Lawrence Biegelsen - Wells Fargo Securities, LLC, Research Division

And so -- the growth outside the U.S. was strong as you mentioned, but you can you talk about your share? I mean, excluding -- outside of Japan, your share was about 35%, and plus or minus a few percentage points. But your share has trended down over the past few quarters. Can you talk about what's driving that, number one, and what turns that around?

Gerhard F. Burbach

Yes. So there hasn't been a consistent pattern if you look at the last few quarters. But if you look at Q1 particularly, you're correct that there was -- we did lose some share. The most significant factors OUS, in that regard, were thrombus, particularly in the core markets,. And then secondly, the distributor markets, which have a fair amount of volatility in terms of their order patterns and kind of can swing share in some substantive ways on a quarter-to-quarter basis. So those are the 2 most significant factors that impacted share in the first quarter versus if we look at the second half of last year.

Lawrence Biegelsen - Wells Fargo Securities, LLC, Research Division

And what do you think drives the patterns -- well, a reversal of the trend in your view?

Gerhard F. Burbach

Yes.

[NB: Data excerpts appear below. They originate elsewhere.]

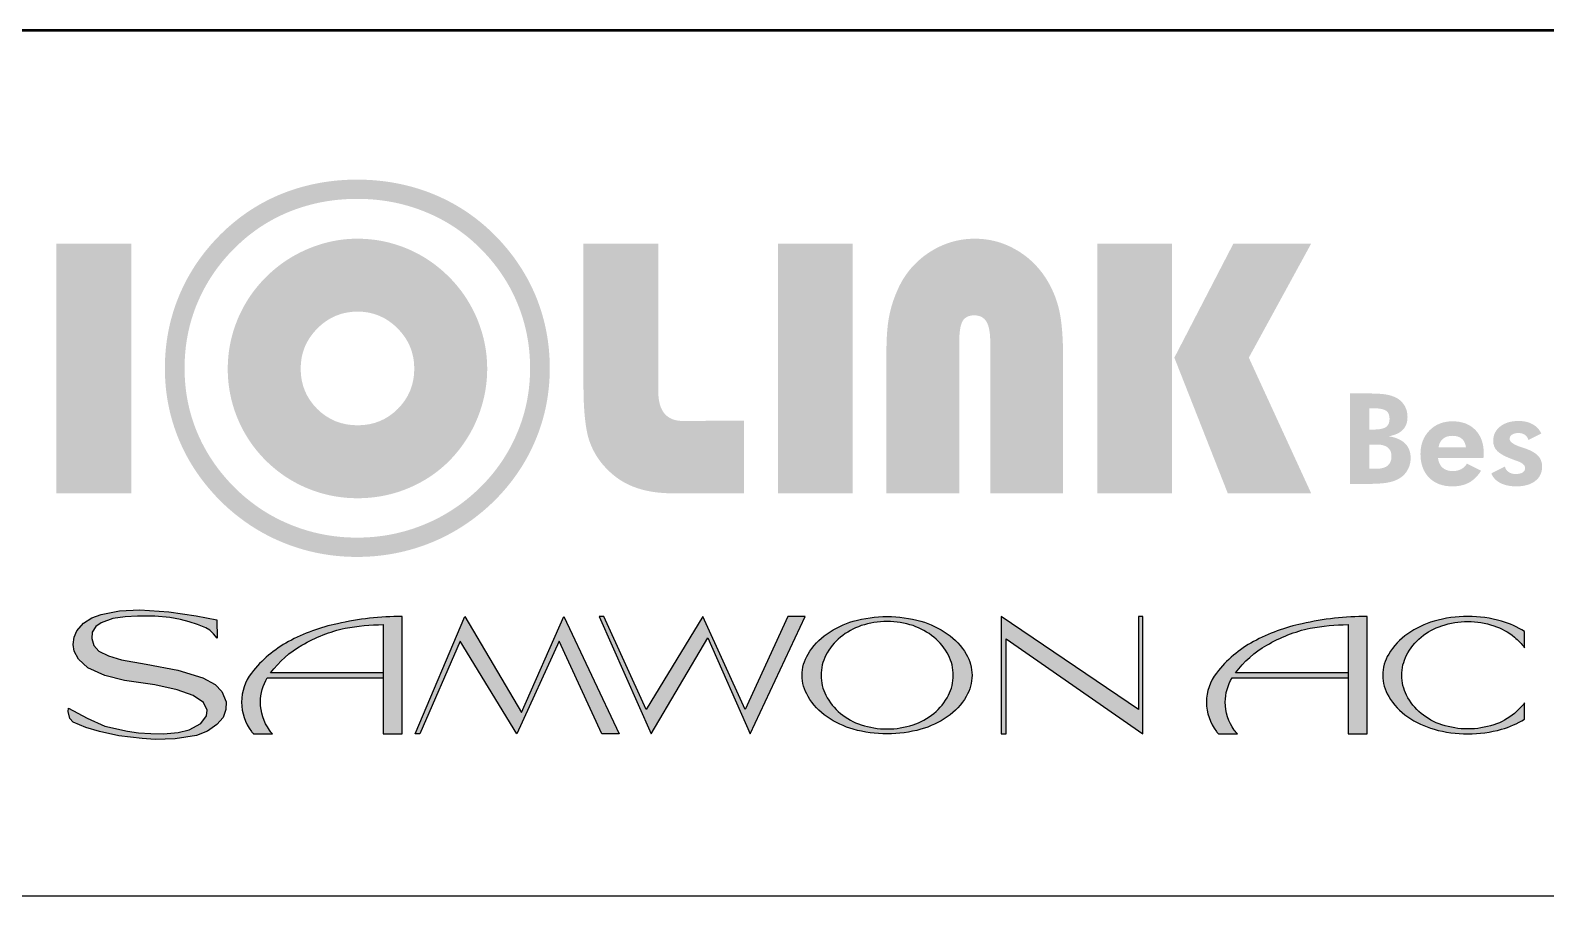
# Model space of a CAD drawing. Extents: x 295 to 2531, y 240 to 845.
# Drawn here: x 2130.08 to 2160.48, y 545.4 to 562.76 of the extents above; entities that cross this region are included whole.
import ezdxf

# ---------------------------------------------------------------- set-up
doc = ezdxf.new("R2010")
doc.units = 0
doc.header["$LTSCALE"] = 0.1
doc.layers.get('0').update_dxf_attribs({"linetype": 'CONTINUOUS'})
doc.layers.add('_______1', color=160, linetype='CONTINUOUS')
doc.layers.add('SHEET', color=7, linetype='CONTINUOUS')

# ---------------------------------------------------------------- blocks, each defined once
blk = doc.blocks.new('AI9-BLK8')
at = {"layer": '_______1'}
h = blk.add_hatch(color=7, dxfattribs=at)
edge = h.paths.add_edge_path()
edge.add_spline(control_points=[(1.18, -0.382), (1.113, -0.519), (1.015, -0.638), (0.899, -0.733), (0.778, -0.828), (0.644, -0.907), (0.5, -0.954), (0.34, -1.005), (0.171, -1.033), (0.001, -1.033), (-0.169, -1.033), (-0.336, -1.005), (-0.497, -0.954), (-0.641, -0.907), (-0.775, -0.828), (-0.897, -0.733), (-1.013, -0.638), (-1.107, -0.519), (-1.175, -0.382), (-1.237, -0.268), (-1.267, -0.137), (-1.267, -0.003), (-1.267, 0.134), (-1.237, 0.261), (-1.175, 0.382), (-1.107, 0.515), (-1.013, 0.632), (-0.897, 0.729), (-0.775, 0.828), (-0.641, 0.898), (-0.497, 0.951), (-0.336, 1.003), (-0.169, 1.029), (0.001, 1.029), (0.171, 1.029), (0.34, 1.003), (0.5, 0.951), (0.644, 0.898), (0.778, 0.828), (0.899, 0.729), (1.015, 0.632), (1.113, 0.515), (1.18, 0.382), (1.239, 0.261), (1.272, 0.134), (1.272, -0.003), (1.272, -0.137), (1.239, -0.268), (1.18, -0.382)], knot_values=[0, 0, 0, 0, 1, 1, 1, 2, 2, 2, 3, 3, 3, 4, 4, 4, 5, 5, 5, 6, 6, 6, 7, 7, 7, 8, 8, 8, 9, 9, 9, 10, 10, 10, 11, 11, 11, 12, 12, 12, 13, 13, 13, 14, 14, 14, 15, 15, 15, 16, 16, 16, 16], degree=3, periodic=0)
edge = h.paths.add_edge_path(flags=16)
edge.add_spline(control_points=[(1.52, 0.403), (1.428, 0.558), (1.305, 0.692), (1.154, 0.795), (1, 0.9), (0.83, 0.981), (0.649, 1.038), (0.438, 1.095), (0.221, 1.127), (0.001, 1.127), (-0.219, 1.127), (-0.436, 1.095), (-0.649, 1.038), (-0.828, 0.981), (-0.998, 0.9), (-1.15, 0.795), (-1.3, 0.692), (-1.424, 0.558), (-1.518, 0.403), (-1.59, 0.282), (-1.631, 0.14), (-1.631, -0.003), (-1.631, -0.146), (-1.59, -0.286), (-1.518, -0.408), (-1.424, -0.563), (-1.3, -0.7), (-1.15, -0.8), (-0.998, -0.907), (-0.828, -0.988), (-0.649, -1.039), (-0.436, -1.098), (-0.219, -1.127), (0.001, -1.127), (0.221, -1.127), (0.438, -1.098), (0.649, -1.039), (0.83, -0.988), (1, -0.907), (1.154, -0.8), (1.305, -0.7), (1.428, -0.563), (1.52, -0.408), (1.595, -0.286), (1.631, -0.146), (1.631, -0.003), (1.631, 0.14), (1.595, 0.282), (1.52, 0.403)], knot_values=[0, 0, 0, 0, 1, 1, 1, 2, 2, 2, 3, 3, 3, 4, 4, 4, 5, 5, 5, 6, 6, 6, 7, 7, 7, 8, 8, 8, 9, 9, 9, 10, 10, 10, 11, 11, 11, 12, 12, 12, 13, 13, 13, 14, 14, 14, 15, 15, 15, 16, 16, 16, 16], degree=3, periodic=0)
at = {"layer": '_______1', "color": 7}
for points in [[(1.52, 0.403), (1.428, 0.558), (1.305, 0.692), (1.154, 0.795), (1, 0.9), (0.83, 0.981), (0.649, 1.038), (0.438, 1.095), (0.221, 1.127), (0.001, 1.127), (-0.219, 1.127), (-0.436, 1.095), (-0.649, 1.038), (-0.828, 0.981), (-0.998, 0.9), (-1.15, 0.795), (-1.3, 0.692), (-1.424, 0.558), (-1.518, 0.403), (-1.59, 0.282), (-1.631, 0.14), (-1.631, -0.003), (-1.631, -0.146), (-1.59, -0.286), (-1.518, -0.408), (-1.424, -0.563), (-1.3, -0.7), (-1.15, -0.8), (-0.998, -0.907), (-0.828, -0.988), (-0.649, -1.039), (-0.436, -1.098), (-0.219, -1.127), (0.001, -1.127), (0.221, -1.127), (0.438, -1.098), (0.649, -1.039), (0.83, -0.988), (1, -0.907), (1.154, -0.8), (1.305, -0.7), (1.428, -0.563), (1.52, -0.408), (1.595, -0.286), (1.631, -0.146), (1.631, -0.003), (1.631, 0.14), (1.595, 0.282), (1.52, 0.403)], [(1.18, -0.382), (1.113, -0.519), (1.015, -0.638), (0.899, -0.733), (0.778, -0.828), (0.644, -0.907), (0.5, -0.954), (0.34, -1.005), (0.171, -1.033), (0.001, -1.033), (-0.169, -1.033), (-0.336, -1.005), (-0.497, -0.954), (-0.641, -0.907), (-0.775, -0.828), (-0.897, -0.733), (-1.013, -0.638), (-1.107, -0.519), (-1.175, -0.382), (-1.237, -0.268), (-1.267, -0.137), (-1.267, -0.003), (-1.267, 0.134), (-1.237, 0.261), (-1.175, 0.382), (-1.107, 0.515), (-1.013, 0.632), (-0.897, 0.729), (-0.775, 0.828), (-0.641, 0.898), (-0.497, 0.951), (-0.336, 1.003), (-0.169, 1.029), (0.001, 1.029), (0.171, 1.029), (0.34, 1.003), (0.5, 0.951), (0.644, 0.898), (0.778, 0.828), (0.899, 0.729), (1.015, 0.632), (1.113, 0.515), (1.18, 0.382), (1.239, 0.261), (1.272, 0.134), (1.272, -0.003), (1.272, -0.137), (1.239, -0.268), (1.18, -0.382)]]:
    blk.add_open_spline(points, degree=3, knots=[0, 0, 0, 0, 1, 1, 1, 2, 2, 2, 3, 3, 3, 4, 4, 4, 5, 5, 5, 6, 6, 6, 7, 7, 7, 8, 8, 8, 9, 9, 9, 10, 10, 10, 11, 11, 11, 12, 12, 12, 13, 13, 13, 14, 14, 14, 15, 15, 15, 16, 16, 16, 16], dxfattribs=at)

msp = doc.modelspace()

# ---------------------------------------------------------------- hatches: boundary and pattern name
at = {"layer": '_______1'}
h = msp.add_hatch(color=7, dxfattribs=at)
edge = h.paths.add_edge_path()
edge.add_spline(control_points=[(2139.848, 554.682), (2139.674, 554.27), (2139.424, 553.903), (2139.096, 553.582), (2138.762, 553.258), (2138.386, 553.011), (2137.968, 552.843), (2137.549, 552.673), (2137.105, 552.587), (2136.64, 552.587), (2136.172, 552.587), (2135.731, 552.673), (2135.313, 552.843), (2134.895, 553.011), (2134.52, 553.258), (2134.191, 553.582), (2133.86, 553.911), (2133.609, 554.277), (2133.436, 554.686), (2133.263, 555.094), (2133.178, 555.527), (2133.178, 555.985), (2133.178, 556.448), (2133.263, 556.885), (2133.436, 557.296), (2133.609, 557.707), (2133.86, 558.077), (2134.191, 558.403), (2134.517, 558.726), (2134.887, 558.968), (2135.302, 559.133), (2135.718, 559.298), (2136.164, 559.382), (2136.64, 559.382), (2137.118, 559.382), (2137.565, 559.298), (2137.982, 559.131), (2138.4, 558.965), (2138.772, 558.723), (2139.096, 558.403), (2139.427, 558.077), (2139.679, 557.707), (2139.851, 557.296), (2140.023, 556.885), (2140.109, 556.448), (2140.109, 555.985), (2140.109, 555.527), (2140.023, 555.093), (2139.848, 554.682), (2139.848, 554.682), (2139.848, 554.682), (2139.848, 554.682)], knot_values=[0, 0, 0, 0, 1, 1, 1, 2, 2, 2, 3, 3, 3, 4, 4, 4, 5, 5, 5, 6, 6, 6, 7, 7, 7, 8, 8, 8, 9, 9, 9, 10, 10, 10, 11, 11, 11, 12, 12, 12, 13, 13, 13, 14, 14, 14, 15, 15, 15, 16, 16, 16, 17, 17, 17, 17], degree=3, periodic=0)
edge = h.paths.add_edge_path(flags=16)
edge.add_spline(control_points=[(2140.217, 557.446), (2140.024, 557.904), (2139.743, 558.315), (2139.375, 558.68), (2139.015, 559.034), (2138.601, 559.305), (2138.136, 559.49), (2137.671, 559.675), (2137.171, 559.768), (2136.638, 559.768), (2136.11, 559.768), (2135.614, 559.676), (2135.149, 559.492), (2134.686, 559.308), (2134.274, 559.037), (2133.911, 558.68), (2133.543, 558.315), (2133.263, 557.904), (2133.071, 557.446), (2132.879, 556.987), (2132.783, 556.501), (2132.783, 555.985), (2132.783, 555.476), (2132.879, 554.993), (2133.071, 554.538), (2133.263, 554.083), (2133.543, 553.675), (2133.911, 553.309), (2134.28, 552.948), (2134.697, 552.673), (2135.163, 552.484), (2135.627, 552.296), (2136.12, 552.2), (2136.638, 552.2), (2137.158, 552.2), (2137.651, 552.296), (2138.118, 552.484), (2138.584, 552.673), (2139.003, 552.948), (2139.375, 553.309), (2139.74, 553.667), (2140.02, 554.075), (2140.214, 554.534), (2140.408, 554.992), (2140.504, 555.476), (2140.504, 555.985), (2140.504, 556.501), (2140.408, 556.987), (2140.217, 557.446), (2140.217, 557.446), (2140.217, 557.446), (2140.217, 557.446)], knot_values=[0, 0, 0, 0, 1, 1, 1, 2, 2, 2, 3, 3, 3, 4, 4, 4, 5, 5, 5, 6, 6, 6, 7, 7, 7, 8, 8, 8, 9, 9, 9, 10, 10, 10, 11, 11, 11, 12, 12, 12, 13, 13, 13, 14, 14, 14, 15, 15, 15, 16, 16, 16, 17, 17, 17, 17], degree=3, periodic=0)
for points in [[(2130.608, 553.475), (2130.608, 558.486), (2132.108, 558.486), (2132.108, 553.475), (2130.608, 553.475)], [(2145.081, 553.475), (2145.081, 558.486), (2146.581, 558.486), (2146.581, 553.475), (2145.081, 553.475)], [(2133.829, 550.567), (2133.755, 550.655), (2133.683, 550.733), (2133.602, 550.779), (2133.44, 550.845), (2133.269, 550.897), (2133.097, 550.943), (2132.883, 550.984), (2132.58, 551.011), (2132.232, 551.011), (2131.984, 550.996), (2131.739, 550.966), (2131.508, 550.876), (2131.398, 550.805), (2131.324, 550.693), (2131.32, 550.562), (2131.359, 550.422), (2131.461, 550.312), (2131.654, 550.214), (2131.915, 550.135), (2132.405, 550.048), (2133.043, 549.926), (2133.543, 549.775), (2133.794, 549.64), (2133.928, 549.5), (2134.013, 549.296), (2134.007, 549.14), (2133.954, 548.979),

On the distributor front, that tends to be a lumpy kind of a dynamic. So we've seen that go with ups and downs, depending on which distributors are ordering in particular quarters. So we don't believe there is a fundamental shift in terms of those distributor markets if we look at the first quarter versus the second half of last year. So we feel good about the potential for that rebound as we look at the coming quarters just based on kind of patterns that we've seen historically. In terms of thrombus, there, it's obviously, really, our effort to drive the education of the market, the understanding of -- put that into the appropriate context, including the range of clinical outcomes. And that's really true of not just Europe, but that's also true in the United States. If we look at the U.S., we think that thrombus was a factor in terms of share in the U.S. So that's definitely a very significant focus for us here as we continue forward. We expected thrombus to create some headwind here in the first half of the year. So that's certainly not unexpected that we were going to be heavily focused on thrombus.

Operator

We'll go next to Matt Taylor from Barclays.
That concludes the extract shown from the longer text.